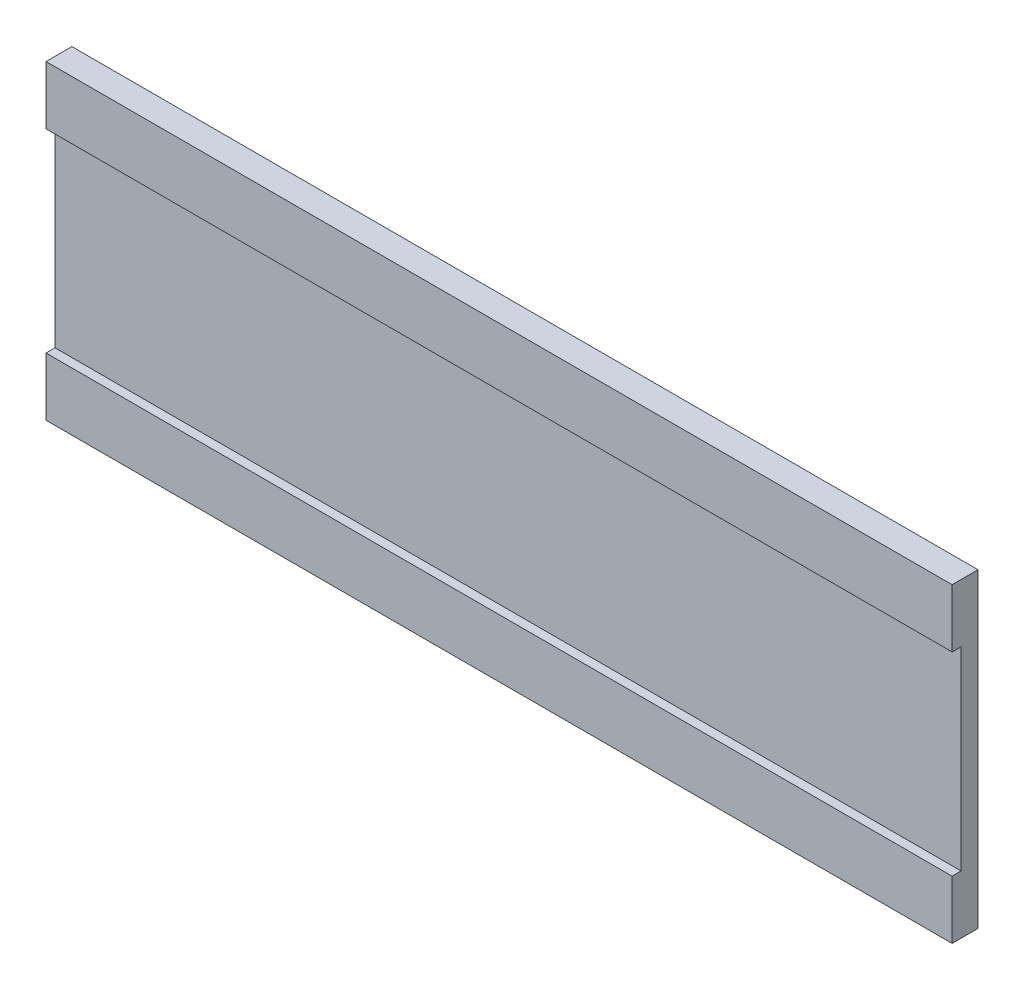
from build123d import *

# Parameters (mm, degrees)
ESQUISSE1_W             = 140
ESQUISSE1_H             = 48
BOSS_EXTRU_1_DEPTH      = 4
ESQUISSE2_W             = 1.390122209
ESQUISSE2_H             = 30
ENL_V_MAT_EXTRU_1_DEPTH = 143.438941859


with BuildPart() as part:
    # Esquisse1 → Boss.-Extru.1 (new body)
    with BuildSketch(Plane.XY):
        with Locations((36.441041546, 1.939393939)):
            Rectangle(ESQUISSE1_W, ESQUISSE1_H)
    extrude(amount=BOSS_EXTRU_1_DEPTH)

    # Esquisse2 → Enlèv. mat.-Extru.1 (cut, through all)
    with BuildSketch(Plane.ZY.offset(33.558958454)):
        with Locations((3.304938896, 1.939393939)):
            Rectangle(ESQUISSE2_W, ESQUISSE2_H)
    extrude(amount=-ENL_V_MAT_EXTRU_1_DEPTH, mode=Mode.SUBTRACT)


solid = part.part
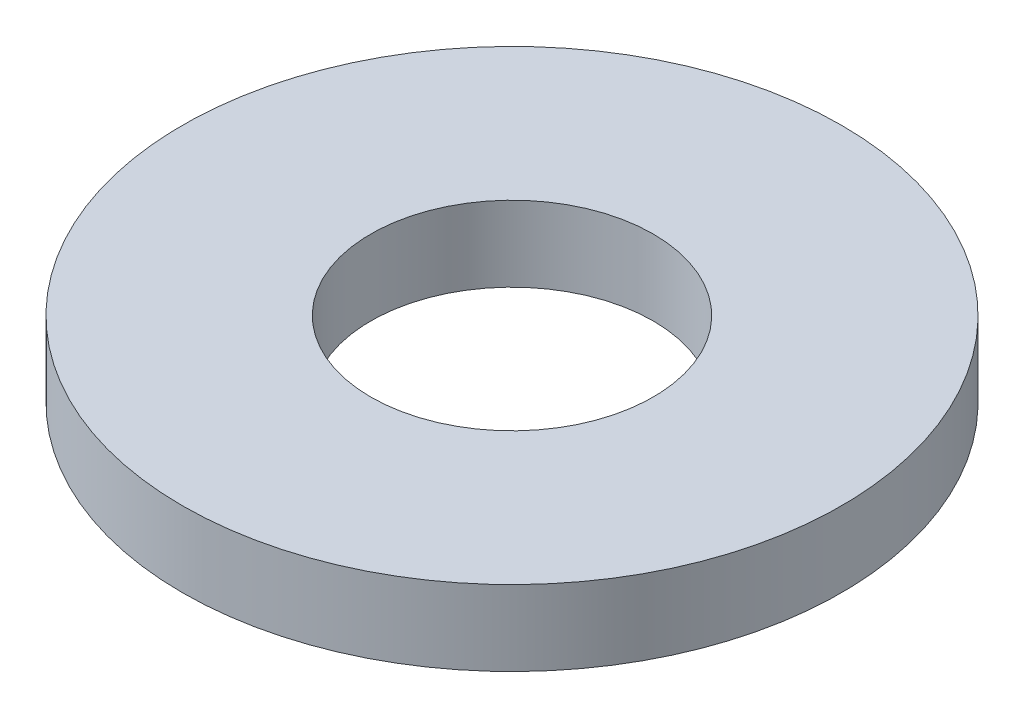
from build123d import *

# Parameters (mm, degrees)
SKETCH1_R           = 70
BOSS_EXTRUDE1_DEPTH = 16
SKETCH2_R           = 30
CUT_EXTRUDE1_DEPTH  = 101.279609094


with BuildPart() as part:
    # Sketch1 → Boss-Extrude1 (new body)
    with BuildSketch(Plane(origin=(0, 0, 0), x_dir=(1, 0, 0), z_dir=(0, 1, 0))):
        Circle(SKETCH1_R)
    extrude(amount=BOSS_EXTRUDE1_DEPTH)

    # Sketch2 → Cut-Extrude1 (cut, through all)
    with BuildSketch(Plane(origin=(0, 0, 0), x_dir=(1, 0, 0), z_dir=(0, 1, 0))):
        Circle(SKETCH2_R)
    extrude(amount=CUT_EXTRUDE1_DEPTH, mode=Mode.SUBTRACT)


solid = part.part
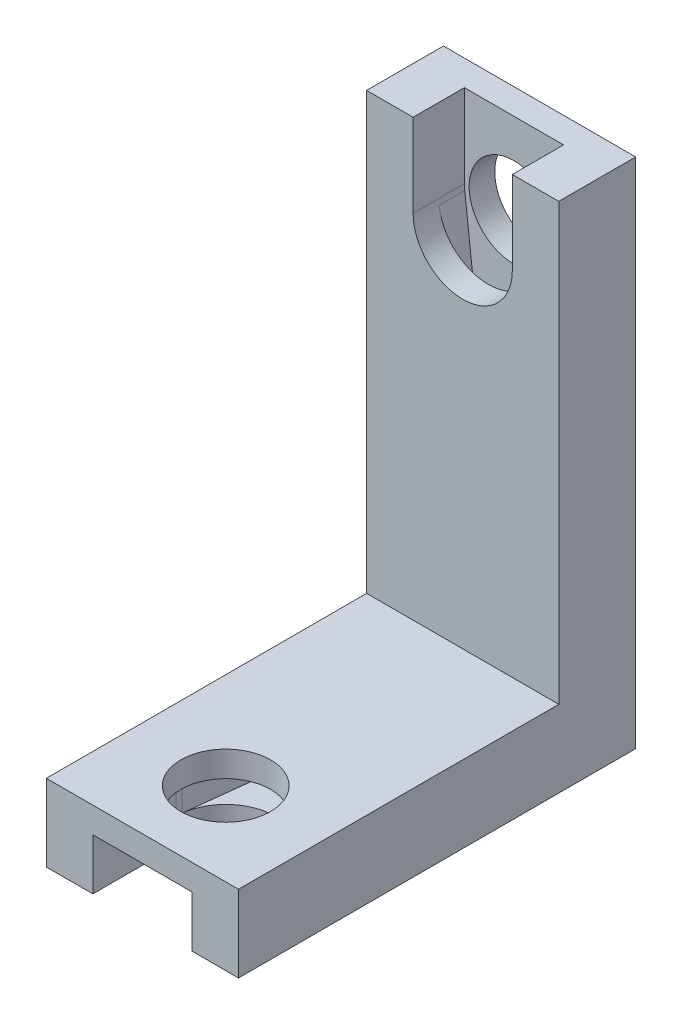
from build123d import *

# Parameters (mm, degrees)
BOSS_EXTRUDE1_DEPTH = 7.5
SKETCH2_R           = 3.5
CUT_EXTRUDE1_DEPTH  = 43.041646019
CUT_EXTRUDE2_DEPTH  = 1
CUT_EXTRUDE3_DEPTH  = 43.041646019
SKETCH6_R           = 3.5
CUT_EXTRUDE4_DEPTH  = 48.002659499
CUT_EXTRUDE5_DEPTH  = 1
CUT_EXTRUDE6_DEPTH  = 48.605146781


with BuildPart() as part:
    # Sketch1 → Boss-Extrude1 (new, symmetric)
    with BuildSketch(Plane(origin=(0, 0, 0), x_dir=(0, 0, -1), z_dir=(1, 0, 0))):
        Polygon((-12.5, -3), (-12.5, 3), (12.5, 3), (12.5, 37), (18.5, 37), (18.5, -3), align=None)
    extrude(amount=BOSS_EXTRUDE1_DEPTH, both=True)

    # Sketch2 → Cut-Extrude1 (cut, through all)
    with BuildSketch(Plane(origin=(0, 0, 0), x_dir=(1, 0, 0), z_dir=(0, 1, 0))):
        with Locations((0, -6)):
            Circle(SKETCH2_R)
    extrude(amount=CUT_EXTRUDE1_DEPTH, mode=Mode.SUBTRACT)

    # Sketch3 → Cut-Extrude2 (cut, symmetric)
    with BuildSketch(Plane(origin=(0, 0, 0), x_dir=(1, 0, 0), z_dir=(0, 1, 0))):
        with BuildLine():
            Line((3.84429899, -5.554730114), (2.235057553, 8.338877841))
            ThreePointArc((2.235057553, 8.338877841), (0, 10.33), (-2.235057553, 8.338877841))
            Line((-2.235057553, 8.338877841), (-3.84429899, -5.554730114))
            ThreePointArc((-3.84429899, -5.554730114), (-3.863569405, -5.776994499), (-3.87, -6))
            Line((-3.87, -6), (-3.87, -12.5))
            Line((-3.87, -12.5), (3.87, -12.5))
            Line((3.87, -12.5), (3.87, -6))
            ThreePointArc((3.87, -6), (3.863569405, -5.776994499), (3.84429899, -5.554730114))
        make_face()
    extrude(amount=CUT_EXTRUDE2_DEPTH, both=True, mode=Mode.SUBTRACT)

    # Sketch4 → Cut-Extrude3 (cut, through all)
    with BuildSketch(Plane(origin=(0, 0, 0), x_dir=(1, 0, 0), z_dir=(0, 1, 0))):
        with BuildLine():
            Line((-3.87, -6), (-3.87, -12.5))
            Line((-3.87, -12.5), (3.87, -12.5))
            Line((3.87, -12.5), (3.87, -6))
            ThreePointArc((3.87, -6), (0, -2.13), (-3.87, -6))
        make_face()
    extrude(amount=-CUT_EXTRUDE3_DEPTH, mode=Mode.SUBTRACT)

    # Sketch6 → Cut-Extrude4 (cut, through all)
    with BuildSketch(Plane.XY.offset(-15.5)):
        with Locations((0, 30.5)):
            Circle(SKETCH6_R)
    extrude(amount=-CUT_EXTRUDE4_DEPTH, mode=Mode.SUBTRACT)

    # Sketch7 → Cut-Extrude5 (cut, symmetric)
    with BuildSketch(Plane.XY.offset(-15.5)):
        with BuildLine():
            Line((2.235057553, 16.161122159), (3.84429899, 30.054730114))
            ThreePointArc((3.84429899, 30.054730114), (3.863569405, 30.276994499), (3.87, 30.5))
            Line((3.87, 30.5), (3.87, 37))
            Line((3.87, 37), (-3.87, 37))
            Line((-3.87, 37), (-3.87, 30.5))
            ThreePointArc((-3.87, 30.5), (-3.863569405, 30.276994499), (-3.84429899, 30.054730114))
            Line((-3.84429899, 30.054730114), (-2.235057553, 16.161122159))
            ThreePointArc((-2.235057553, 16.161122159), (0, 14.17), (2.235057553, 16.161122159))
        make_face()
    extrude(amount=CUT_EXTRUDE5_DEPTH, both=True, mode=Mode.SUBTRACT)

    # Sketch8 → Cut-Extrude6 (cut, through all)
    with BuildSketch(Plane.XY.offset(-16.5)):
        with BuildLine():
            Line((3.87, 30.5), (3.87, 37))
            Line((3.87, 37), (-3.87, 37))
            Line((-3.87, 37), (-3.87, 30.5))
            ThreePointArc((-3.87, 30.5), (0, 26.63), (3.87, 30.5))
        make_face()
    extrude(amount=CUT_EXTRUDE6_DEPTH, mode=Mode.SUBTRACT)


solid = part.part

*****

Task details:
The lines to show are those in the data above that include "symmetric".

Completed exercise:
    # Sketch1 → Boss-Extrude1 (new, symmetric)
    # Sketch3 → Cut-Extrude2 (cut, symmetric)
    # Sketch7 → Cut-Extrude5 (cut, symmetric)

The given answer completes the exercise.